▶ Work order
Check each line of the records below and collect those that include the word "Plane".

Data items
= Beginning of Section =

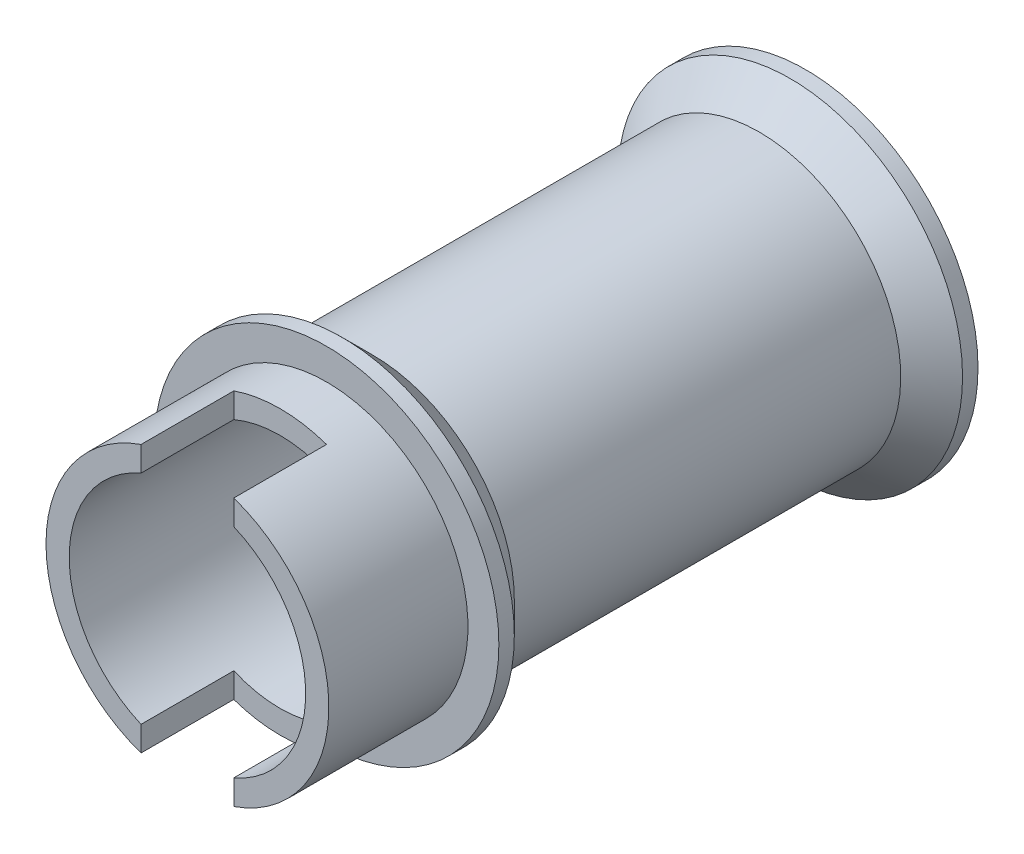
from build123d import *

# Parameters (mm, degrees)
SKETCH1_R           = 9.15
SKETCH1_R_2         = 7.65
BOSS_EXTRUDE1_DEPTH = 40
SKETCH2_W           = 6
SKETCH2_H           = 6
CUT_EXTRUDE1_DEPTH  = 15
SKETCH3_W           = 2
SKETCH3_H           = 3
CHAMFER1_SIZE       = 2
CUT_EXTRUDE2_DEPTH  = 5


with BuildPart() as part:
    # Sketch1 → Boss-Extrude1 (new body)
    with BuildSketch(Plane.XY):
        Circle(SKETCH1_R)
        Circle(SKETCH1_R_2, mode=Mode.SUBTRACT)
    extrude(amount=BOSS_EXTRUDE1_DEPTH)

    # Sketch2 → Cut-Extrude1 (cut, symmetric)
    with BuildSketch(Plane(origin=(0, 0, 0), x_dir=(1, 0, 0), z_dir=(0, 1, 0))):
        with Locations((0, -37)):
            Rectangle(SKETCH2_W, SKETCH2_H)
    extrude(amount=CUT_EXTRUDE1_DEPTH, both=True, mode=Mode.SUBTRACT)

    # Sketch3 → Revolve1 (revolve)
    with BuildSketch(Plane(origin=(0, 0, 0), x_dir=(1, 0, 0), z_dir=(0, 1, 0)), mode=Mode.PRIVATE) as revolve1_sk:
        with Locations((10.15, -29.5)):
            Rectangle(SKETCH3_W, SKETCH3_H)
        with Locations((10.15, -1.5)):
            Rectangle(SKETCH3_W, SKETCH3_H)
    revolve(revolve1_sk.sketch.rotate(Axis((0, 0, 0), (0, 0, 1)), 180), axis=Axis((0, 0, 0), (0, 0, 1)))

    # Chamfer1
    chamfer1_edges = [part.edges().sort_by_distance(p)[0] for p in [
        (11.15, 0, 28),
        (11.15, 0, 3),
    ]]
    chamfer(chamfer1_edges, length=CHAMFER1_SIZE - 0.0001)  # a hair under: the kernel refuses the full size

    # Sketch4 → Cut-Extrude2 (cut)
    with BuildSketch(Plane(origin=(0, 0, 0), x_dir=(-1, 0, 0), z_dir=(0, 0, -1))):
        with BuildLine():
            Line((0.5, -9.136328584), (0.609289617, -11.133340297))
            ThreePointArc((0.609289617, -11.133340297), (0, -11.15), (-0.609289617, -11.133340297))
            Line((-0.609289617, -11.133340297), (-0.5, -9.136328584))
            ThreePointArc((-0.5, -9.136328584), (0, -9.15), (0.5, -9.136328584))
        make_face()
    extrude(amount=-CUT_EXTRUDE2_DEPTH, mode=Mode.SUBTRACT)


solid = part.part

= End of Section =

▶ Answer section
    with BuildSketch(Plane.XY):
    with BuildSketch(Plane(origin=(0, 0, 0), x_dir=(1, 0, 0), z_dir=(0, 1, 0))):
    with BuildSketch(Plane(origin=(0, 0, 0), x_dir=(1, 0, 0), z_dir=(0, 1, 0)), mode=Mode.PRIVATE) as revolve1_sk:
    with BuildSketch(Plane(origin=(0, 0, 0), x_dir=(-1, 0, 0), z_dir=(0, 0, -1))):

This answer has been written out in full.